Undervalued, underpaid, overstressed: nurses need a fair deal but they won’t get it unless they strike. How can they do that without harming patients?

It’s the classic dilemma for nurses: how can they campaign for fair pay and conditions when striking may harm NHS patients?

Tory Chancellor Rishi Sunak spat in the faces of nurses across the UK in his Budget speech yesterday (March 3), which did not even mention the National Health Service.

It was a deliberate insult to the healthcare workers who have suffered and sacrificed – some losing their lives – in the face of government failure to provide even the most basic protective equipment when it was needed.

It seems Tories think applause is all that nurses deserve. Meanwhile they are working overtime or using credit to be able to pay essential bills, and using food banks to be able to eat.

They have lost both their mental and physical health, struggling to come to terms with the horrors they have witnessed while trying to cope with Covid-19, underfunded, understaffed and underequipped by the Tories.

This is a national scandal.

Campaigning organisation Nurses United UK says health staff need to think seriously about strike action. Health unions have been demanding an immediate – restorative – pay rise of between 12.5 and 15 per cent.

That’s just to bring pay back up to the level that nurses have lost in the 11 years since the Tories took office.

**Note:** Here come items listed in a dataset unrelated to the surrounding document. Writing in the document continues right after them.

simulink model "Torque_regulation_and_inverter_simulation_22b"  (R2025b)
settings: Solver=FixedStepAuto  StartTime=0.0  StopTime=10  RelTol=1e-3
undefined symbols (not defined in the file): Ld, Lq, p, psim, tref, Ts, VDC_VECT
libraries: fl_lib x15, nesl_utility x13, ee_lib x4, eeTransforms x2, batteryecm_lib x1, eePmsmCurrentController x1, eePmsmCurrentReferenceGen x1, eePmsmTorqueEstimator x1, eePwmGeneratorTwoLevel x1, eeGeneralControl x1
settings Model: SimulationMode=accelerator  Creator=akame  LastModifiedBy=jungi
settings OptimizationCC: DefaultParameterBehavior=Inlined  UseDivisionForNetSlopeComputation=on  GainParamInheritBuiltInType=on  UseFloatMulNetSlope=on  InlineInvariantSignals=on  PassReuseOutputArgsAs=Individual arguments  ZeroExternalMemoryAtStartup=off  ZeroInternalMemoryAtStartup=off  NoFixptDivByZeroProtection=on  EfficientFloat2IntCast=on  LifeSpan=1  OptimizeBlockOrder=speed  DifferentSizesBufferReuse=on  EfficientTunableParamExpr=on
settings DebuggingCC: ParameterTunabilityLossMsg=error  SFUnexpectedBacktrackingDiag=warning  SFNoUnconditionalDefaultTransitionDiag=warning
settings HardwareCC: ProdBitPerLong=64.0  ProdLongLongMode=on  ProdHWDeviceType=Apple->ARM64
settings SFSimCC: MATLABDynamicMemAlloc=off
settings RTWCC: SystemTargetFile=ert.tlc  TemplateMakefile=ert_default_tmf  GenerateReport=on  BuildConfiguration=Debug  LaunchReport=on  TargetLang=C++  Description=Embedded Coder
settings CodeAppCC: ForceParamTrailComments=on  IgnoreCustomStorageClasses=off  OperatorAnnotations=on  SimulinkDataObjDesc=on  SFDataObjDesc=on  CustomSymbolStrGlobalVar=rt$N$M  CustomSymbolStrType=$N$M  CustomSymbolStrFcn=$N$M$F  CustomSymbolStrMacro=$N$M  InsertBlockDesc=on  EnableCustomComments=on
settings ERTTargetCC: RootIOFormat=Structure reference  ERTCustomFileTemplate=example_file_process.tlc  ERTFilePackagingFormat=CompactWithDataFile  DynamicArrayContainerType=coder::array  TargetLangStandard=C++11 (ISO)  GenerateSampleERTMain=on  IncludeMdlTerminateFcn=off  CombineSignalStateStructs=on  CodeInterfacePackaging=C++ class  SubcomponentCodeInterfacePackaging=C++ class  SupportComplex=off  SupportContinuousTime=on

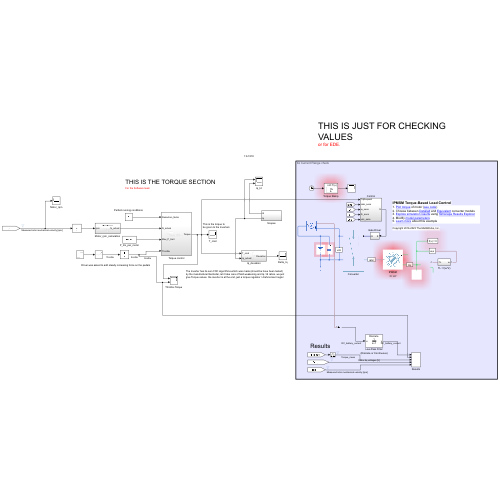
[thumbnail: Simulink's stored preview of the top-level diagram]
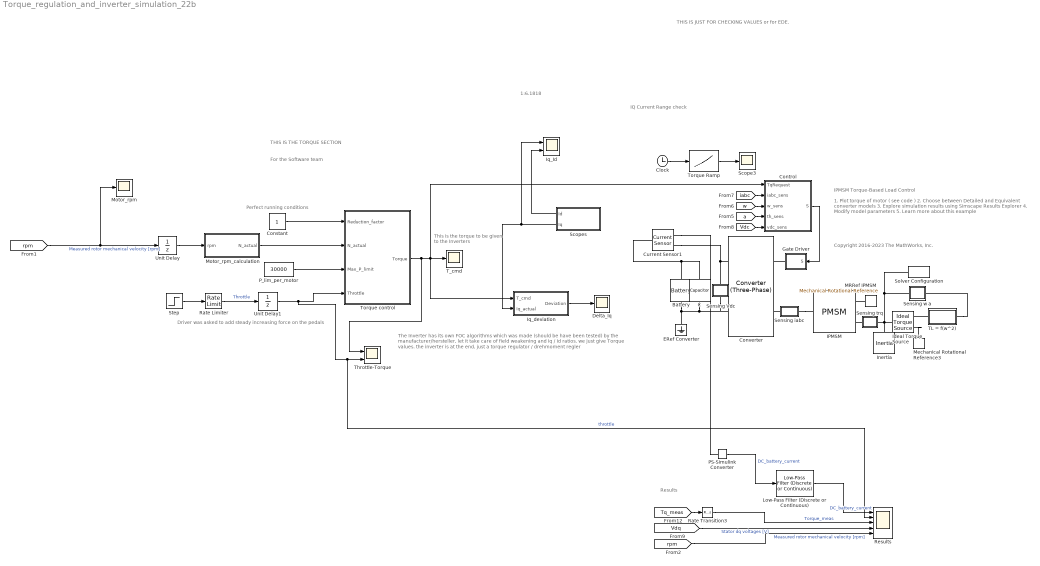
== system Torque_regulation_and_inverter_simulation_22b ==
  note: Results
  note: Perfect running conditions
  note: For the Software team
  note: 1:6.1818
  note: IQ Current Range check
  note: This is the torque to
      | be given to the Inverters
  note: THIS IS JUST FOR CHECKING VALUES
      | or for EDE.
  note: THIS IS THE TORQUE SECTION
  note: Driver was asked to add steady increasing force on the pedals
  note: The Inverter has its own FOC algorithms which was made (should be have been tested) by the manufacturer/hersteller, let it take care of field weakening and Iq / Id ratios. we just give Torque values. the inverter is at the end, just a torque regulator / drehmoment regler
  note: IPMSM Torque-Based Load Control
  note: 1. Plot torque of motor ( see code )
      | 2. Choose between Detailed and Equivalent converter models
      | 3. Explore simulation results using Simscape Results Explorer
      | 4. Modify model parameters
      | 5. Learn more about this example
  note: Copyright 2016-2023 The MathWorks, Inc.
  Battery : batteryecm_lib/Battery  Vnom=Vnom V  prm_dir=1  R1_dis=2 Ohm  R1_ch=2 Ohm  R1=0.001 Ohm  prm_AH=1  AH=10000 hr*A  V1=V1 V  AH1=3000 hr*A  prm_R2=1  R2=2000 Ohm  Tmeas=298.15 K  charge_measurement_port=simscape.enum.battery.enable.no  prm_dyn=1  Rp1=0.005 Ohm  tau1=30 s  Rp2=0.005 Ohm  tau2=30 s  Rp3=0.005 Ohm  tau3=30 s  Rp4=0.005 Ohm  tau4=30 s  Rp5=0.005 Ohm  tau5=30 s  prm_fade=1  N_fade=100  AH_fade=45 hr*A  R1_fade=2.02 Ohm  R1_ch_fade=2.02 Ohm  V1_fade=10.35 V  prm_age=1  prm_age_OCV=1  OCV_age=0.9  SOC_age=60  Tmeas_age=298.15 K  delta_time_age_vec=[0] d  temperature_age_vec=[273] K  OCV_scaling_age=2.2134e6  OCV_offset_age=1.632e6  temp_exp_age=0.515833569 V  t_exp_age=0.75  Vnom_T2=12 V  R1_T2=2.2 Ohm  R1_T2_dis=2.2 Ohm  R1_T2_ch=2.2 Ohm  V1_T2=11.4 V  R2_T2=2200 Ohm  Rp1_T2=0.005 Ohm  tau1_T2=30 s  Rp2_T2=0.005 Ohm  tau2_T2=30 s  Rp3_T2=0.005 Ohm  tau3_T2=30 s  Rp4_T2=0.005 Ohm  tau4_T2=30 s  Rp5_T2=0.005 Ohm  tau5_T2=30 s  Tmeas2=273.15 K  thermal_port=simscape.enum.thermaleffects.omit  thermal_mass=30000 J/K  i_specify=off  i_priority=None  i=0 A  i_nominal_specify=off  i_nominal_value=1  i_nominal_unit=A  v_specify=off  v_priority=None  v=0 V  v_nominal_specify=off  v_nominal_value=1  v_nominal_unit=V  charge_specify=on  charge_priority=High  charge=8000 hr*A  charge_nominal_specify=off  charge_nominal_value=1  charge_nominal_unit=A*hr  num_cycles_specify=off  num_cycles_priority=High  num_cycles=0  num_cycles_nominal_specify=off  num_cycles_nominal_value=1  num_cycles_nominal_unit=1  temperature_specify=off  temperature_priority=High  temperature=298.15 K  temperature_nominal_specify=off  temperature_nominal_value=1  temperature_nominal_unit=K
  C : fl_lib/Electrical/Electrical Elements/Capacitor  c=Cdc uF  r=1e-6 Ohm  g=0 1/Ohm  i_specify=off  i_priority=None  i=0 A  i_nominal_specify=off  i_nominal_value=1  i_nominal_unit=A  v_specify=off  v_priority=None  v=0 V  v_nominal_specify=off  v_nominal_value=1  v_nominal_unit=V  vc_specify=on  vc_priority=None  vc=Vnom V  vc_nominal_specify=off  vc_nominal_value=1  vc_nominal_unit=V
  Clock : Clock
  Constant : Constant
  Control : Subsystem
  Converter : ee_lib/Semiconductors & Converters/Converters/Converter (Three-Phase)  port_option=ee.enum.threePhasePort.composite  fidelity_option=ee.enum.converters.fidelity.detailed  device_type=3  showThermalPort=false  K=0  Vth=0.5 V  Vgt=1 V  Vgt_off=-1 V  Ih=1 A  Vf=0.8 V  Ron=0.001 Ohm  Rds=0.001 Ohm  Goff=1e-5 1/Ohm  Eon_scalar=22.86e-3 J  Eoff_scalar=17.14e-3 J  Eoff_natural_commutation=10e-3 J  Voff=300 V  Iout_scalar=600 A  onCurrentMeasDelay=0 s  useCurrentFromPreviousCycle=false  useVoltageFromPreviousCycle=false  diode_param=2  diode_Vf=0.8 V  diode_Ron=0.001 Ohm  diode_Goff=1e-5 1/Ohm  diode_C=50 nF  diode_iRM=-235 A  diode_iF=300 A  diode_idot=-50 A/us  diode_trr_param=1  diode_trr_factor=3  diode_trr=15 us  diode_Qrr=1.5e+3 s*uA  diode_rec_loss_model=ee.enum.diode.reverseRecoveryModel.fixed  diode_ErecVal=0 J  diode_scaleWithIandV=false  diode_ErecMat=zeros(2, 3) J  diode_TjrecVec=[298.15, 398.15] K  diode_IfrecVec=[.1, 1, 10] A  diode_IrecVal=10 A  diode_VrecVal=10 V  diode_tFilter=1 / 1000 / 100 s  thermal_network_parameterization=ee.enum.thermalNetworkTopology.external  Rth=[.08, .5] K/W  Rth_Cauer=[.08, .1, .5] K/W  Rth_Foster=[.08, .14, .22, .16] K/W  thermal_mass_parameterization=ee.enum.thermalNetwork.timeconstant  thermal_mass=[.01, .5] J/K  thermal_mass_Cauer=[.01, .1, .5] J/K  thermal_mass_Foster=[.001, .005, .05, .5] J/K  thermal_time_constant=[.001, .2] s  thermal_time_constant_Cauer=[.001, .1, .2] s  thermal_time_constant_Foster=[7e-05, .0007, .01, .08] s  thermal_mass_initial_temperatures=[25, 25] degC  thermal_mass_initial_temperatures_Cauer=[25, 25, 25] degC  junction_thermal_mass=0.01 J/K  Tvec_initial_Foster=[25, 25, 25, 25] degC  snubber_type=0  Cs=1e-7 F  Rs=0.1 Ohm  Vce_loss=[0, 150, 300] V
  Current Sensor1 : fl_lib/Electrical/Electrical Sensors/Current Sensor
  Delta_Iq : Scope
      settings: ActiveDisplayYMinimum=-31.0273  ActiveDisplayYMaximum=32.4459  DataLoggingVariableName=ScopeData9
  ERef Converter : fl_lib/Electrical/Electrical Elements/Electrical Reference
  Gate Driver : Subsystem
  IPMSM : ee_lib/Electromechanical/Permanent Magnet/PMSM  port_option=ee.enum.threePhasePort.composite  winding_type=ee.enum.statorconnection.wye  machine_param=ee.enum.pmsm.parameterization.constant  nPolePairs=p  pmflux_param=1  pm_flux_linkage=psim Wb  torque_constant=0.18 N*m/A  back_emf_constant=0.18 V/(rad/s)  stator_param=1  Ld=Ld H  Lq=Lq H  idVec=[-200, 0, 200] A  iqVec=[-200, 0, 200] A  LdMatrix=0.0002 * ones(3, 3) H  LqMatrix=0.0002 * ones(3, 3) H  PmMatrix=0.1 * ones(3, 3) Wb  ktMatrix=0.18 * ones(3, 3) N*m/A  keMatrix=0.18 * ones(3, 3) V/(rad/s)  L0=L0 H  Ls=0.0002 H  Lm=0.00002 H  Ms=0.00002 H  Rs=Rs Ohm  zero_sequence=ee.enum.park.zerosequence.exclude  axes_param=ee.enum.rotorangle.qaxis  loss_param=ee.enum.ironloss.none  losses_oc=[0, 0, 0] W  losses_sc=[0, 0, 0] W  f_losses=60 Hz  Isc_losses=95 A  J=0 kg*m^2  lam=0 N*m/(rad/s)  i_d_specify=off  i_d_priority=None  i_d=0 A  i_d_nominal_specify=off  i_d_nominal_value=1  i_d_nominal_unit=A  i_q_specify=off  i_q_priority=None  i_q=0 A  i_q_nominal_specify=off  i_q_nominal_value=1  i_q_nominal_unit=A  torque_specify=off  torque_priority=None  torque=0 N*m  torque_nominal_specify=off  torque_nominal_value=1  torque_nominal_unit=N*m  angular_velocity_specify=on  angular_velocity_priority=None  angular_velocity=0 rpm  angular_velocity_nominal_specify=off  angular_velocity_nominal_value=1  angular_velocity_nominal_unit=rpm  angular_position_specify=off  angular_position_priority=None  angular_position=0 deg  angular_position_nominal_specify=off  angular_position_nominal_value=1  angular_position_nominal_unit=deg  alpha=3.93e-3 1/K  alpha_flux=-0.001 1/K  Tmeas=298.15 K  stator_thermal_mass=100 J/K  rotor_thermal_mass=200 J/K  Rm_percent_rotor=90  Rd_percent_rotor=30  temperatureA_specify=off  temperatureA_priority=High  temperatureA=25 degC  temperatureA_nominal_specify=off  temperatureA_nominal_value=1  temperatureA_nominal_unit=degC  temperatureB_specify=off  temperatureB_priority=High  temperatureB=25 degC  temperatureB_nominal_specify=off  temperatureB_nominal_value=1  temperatureB_nominal_unit=degC  temperatureC_specify=off  temperatureC_priority=High  temperatureC=25 degC  temperatureC_nominal_specify=off  temperatureC_nominal_value=1  temperatureC_nominal_unit=degC  temperatureR_specify=off  temperatureR_priority=High  temperatureR=25 degC  temperatureR_nominal_specify=off  temperatureR_nominal_value=1  temperatureR_nominal_unit=degC
      settings: AttributesFormatString=35 kW  InternalSimscapePortConfiguration="{\"Bottom\":[],\"Left\":[{\"id\":\"N\",\"label\":\"~\",\"type\":\"foundation.electrical.three_phase\"}],\"Right\":[{\"id\":\"R\",\"label\":\"R\",\"type\":\"foundation.mechanical.rotational.rotational\"},{\"id\":\"C\",\"label\":\"C\",\"type\":\"foundation.mechanical.rotational.rotational\"}],\"Top\":[]}"
  Ideal Torque Source : fl_lib/Mechanical/Mechanical Sources/Ideal Torque Source
  Inertia : fl_lib/Mechanical/Rotational Elements/Inertia  inertia=Jm kg*m^2  num_ports=foundation.enum.numPorts2.one  w_specify=off  w_priority=High  w=0 rad/s  w_nominal_specify=off  w_nominal_value=1  w_nominal_unit=rad/s  t_specify=off  t_priority=None  t=0 N*m  t_nominal_specify=off  t_nominal_value=1  t_nominal_unit=N*m
  Iq_Id : Scope  NumInputPorts=2
      settings: ActiveDisplayYMinimum=-31.1568  ActiveDisplayYMaximum=128.0447  DataLoggingVariableName=ScopeData11
  Iq_deviation : Subsystem
  Low-Pass Filter (Discrete or Continuous) : eeGeneralControl/Low-Pass Filter (Discrete or Continuous)  K=1  T=1  B=inf  A=-inf  init_option=Inherited from block input  x0=0  Ts=-1
  MRRef IPMSM : fl_lib/Mechanical/Rotational Elements/Mechanical Rotational Reference
  Mechanical Rotational Reference3 : fl_lib/Mechanical/Rotational Elements/Mechanical Rotational Reference
  Motor_rpm : Scope
      settings: ActiveDisplayYMinimum=-287.5747  ActiveDisplayYMaximum=2588.1719  DataLoggingVariableName=ScopeData16
  Motor_rpm_calculation : Subsystem
  PS-Simulink Converter : nesl_utility/PS-Simulink Converter  PhysicalDomain=network_engine_domain  SubClassName=ps_output  LeftPortType=input  RightPortType=output  PseudoPeriodic=off  Frequencies=[]  VectorFormat=inherit  Unit=inherit  AffineConversion=off
  P_lim_per_motor : Constant  Value=30000
  Rate Limiter : RateLimiter  SampleTimeMode=inherited
  Rate Transition3 : RateTransition
  Results : Scope  NumInputPorts=5
      settings: ActiveDisplayYMinimum=-3.2765  ActiveDisplayYMaximum=31.5794  DataLoggingVariableName=ScopeData17
  Scope3 : Scope
      settings: ActiveDisplayYMinimum=-1  ActiveDisplayYMaximum=1  DataLoggingVariableName=ScopeData13
  Scopes : Subsystem
      settings: PortSchema="{\"entries\":[{\"content\":{\"sides\":[{\"content\":{\"connectorIds\":[\"Out1\",\"Out2\"]},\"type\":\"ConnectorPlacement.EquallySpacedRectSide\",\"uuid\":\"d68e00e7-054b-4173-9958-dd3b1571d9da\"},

The Tories, it seems, consider this demand to be “one for the fairies“.

But then, as Nurses United lead organiser Anthony Johnson pointed out – it must be better than giving billions to Tory donors in return for nothing at all:

This Government is weak – that is why they u-turn so often. They know that people are watching and demanding that rather than giving billions to their donors, they invest in the people of this country.

But we come back to the crux of the matter: if nurses strike, they won’t harm the Tory government – they’ll harm sick people who don’t deserve worse treatment.

Perhaps targeted strike action – to ruin Tory press junkets in hospitals or withdraw coverage for Tory projects – is the answer?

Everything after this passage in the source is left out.